═══ DATA RECORDS
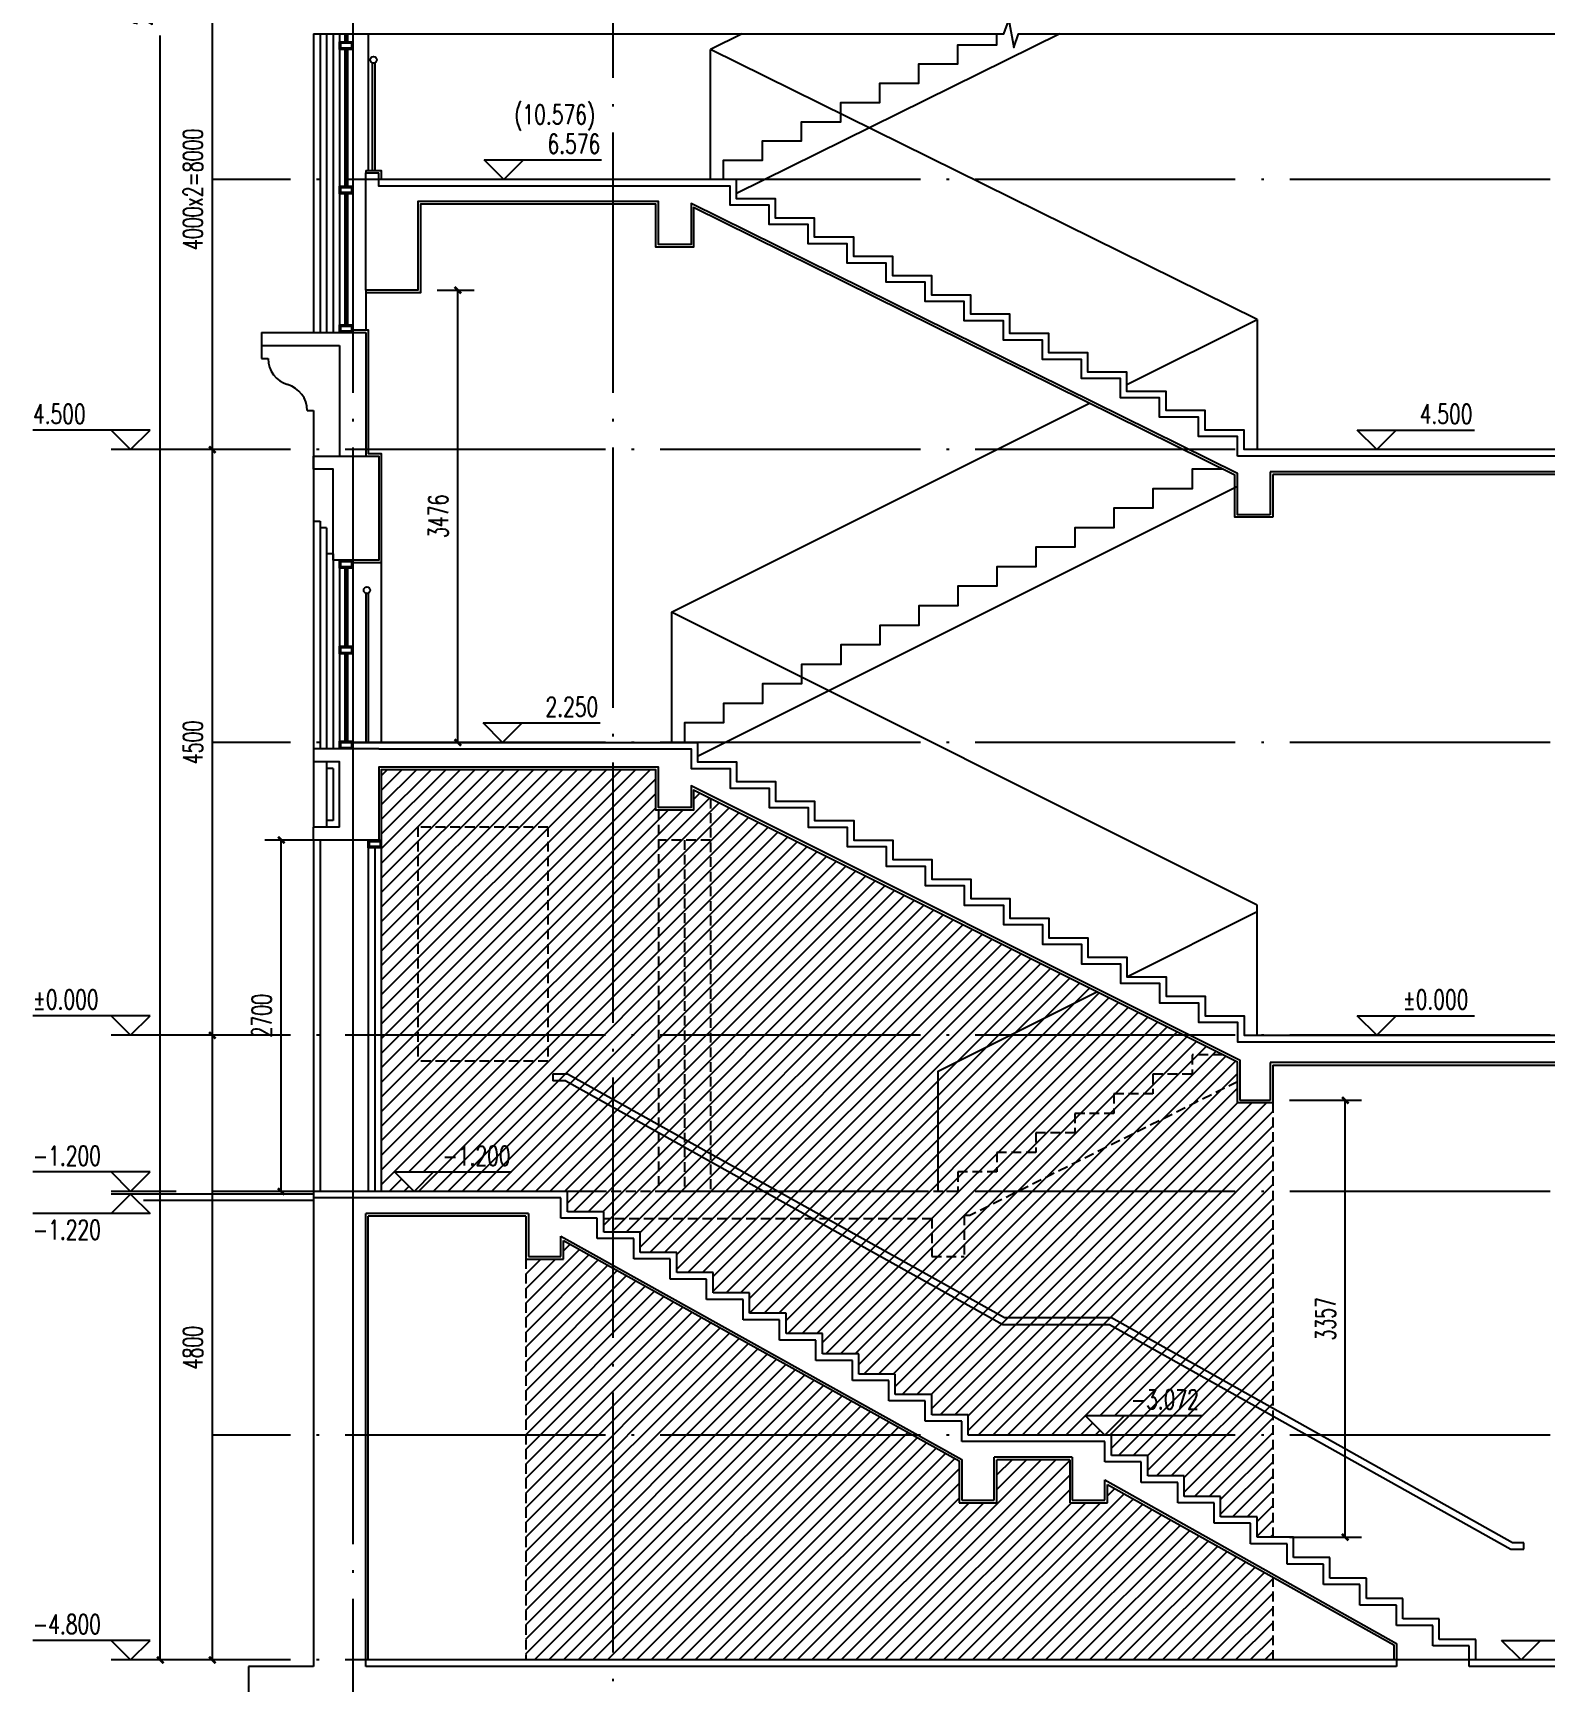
# Model space of a CAD drawing. Extents: x 239268 to 489116, y -316056 to -246175.
# Drawn here: x 442256 to 453876, y -270534 to -257862 of the extents above; entities that cross this region are included whole.
import ezdxf

# ---------------------------------------------------------------- set-up
doc = ezdxf.new("R2010")
doc.units = 0
doc.header["$LTSCALE"] = 1000
doc.header["$MEASUREMENT"] = 0
doc.linetypes.add('DOTE', pattern=[2.42, 2, -0.2, 0.02, -0.2])
doc.linetypes.add('HIDDEN', pattern=[0.375, 0.25, -0.125])
doc.layers.get('0').update_dxf_attribs({"linetype": 'CONTINUOUS'})
doc.layers.get('Defpoints').update_dxf_attribs({"color": 6, "linetype": 'CONTINUOUS'})
for name, color, linetype in [('A-立面看线', 117, 'CONTINUOUS'), ('DIM_ELEV', 3, 'CONTINUOUS'), ('DIM_SYMB', 3, 'CONTINUOUS'), ('DOTE', 26, 'DOTE'), ('PUB_DIM', 3, 'CONTINUOUS'), ('PUB_HATCH', 250, 'CONTINUOUS'), ('PUB_TEXT', 7, 'CONTINUOUS'), ('STAIR', 4, 'CONTINUOUS'), ('WALL', 2, 'CONTINUOUS'), ('WINDOW', 4, 'CONTINUOUS'), ('看线', 87, 'CONTINUOUS'), ('看线1', 7, 'CONTINUOUS'), ('面层', 185, 'CONTINUOUS')]:
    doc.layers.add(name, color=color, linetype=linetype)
══════
WORK TO BE COMPLETED: Copy all lines from the material that hold "color".

FINISHED EXERCISE:
doc.layers.get('Defpoints').update_dxf_attribs({"color": 6, "linetype": 'CONTINUOUS'})
for name, color, linetype in [('A-立面看线', 117, 'CONTINUOUS'), ('DIM_ELEV', 3, 'CONTINUOUS'), ('DIM_SYMB', 3, 'CONTINUOUS'), ('DOTE', 26, 'DOTE'), ('PUB_DIM', 3, 'CONTINUOUS'), ('PUB_HATCH', 250, 'CONTINUOUS'), ('PUB_TEXT', 7, 'CONTINUOUS'), ('STAIR', 4, 'CONTINUOUS'), ('WALL', 2, 'CONTINUOUS'), ('WINDOW', 4, 'CONTINUOUS'), ('看线', 87, 'CONTINUOUS'), ('看线1', 7, 'CONTINUOUS'), ('面层', 185, 'CONTINUOUS')]:
    doc.layers.add(name, color=color, linetype=linetype)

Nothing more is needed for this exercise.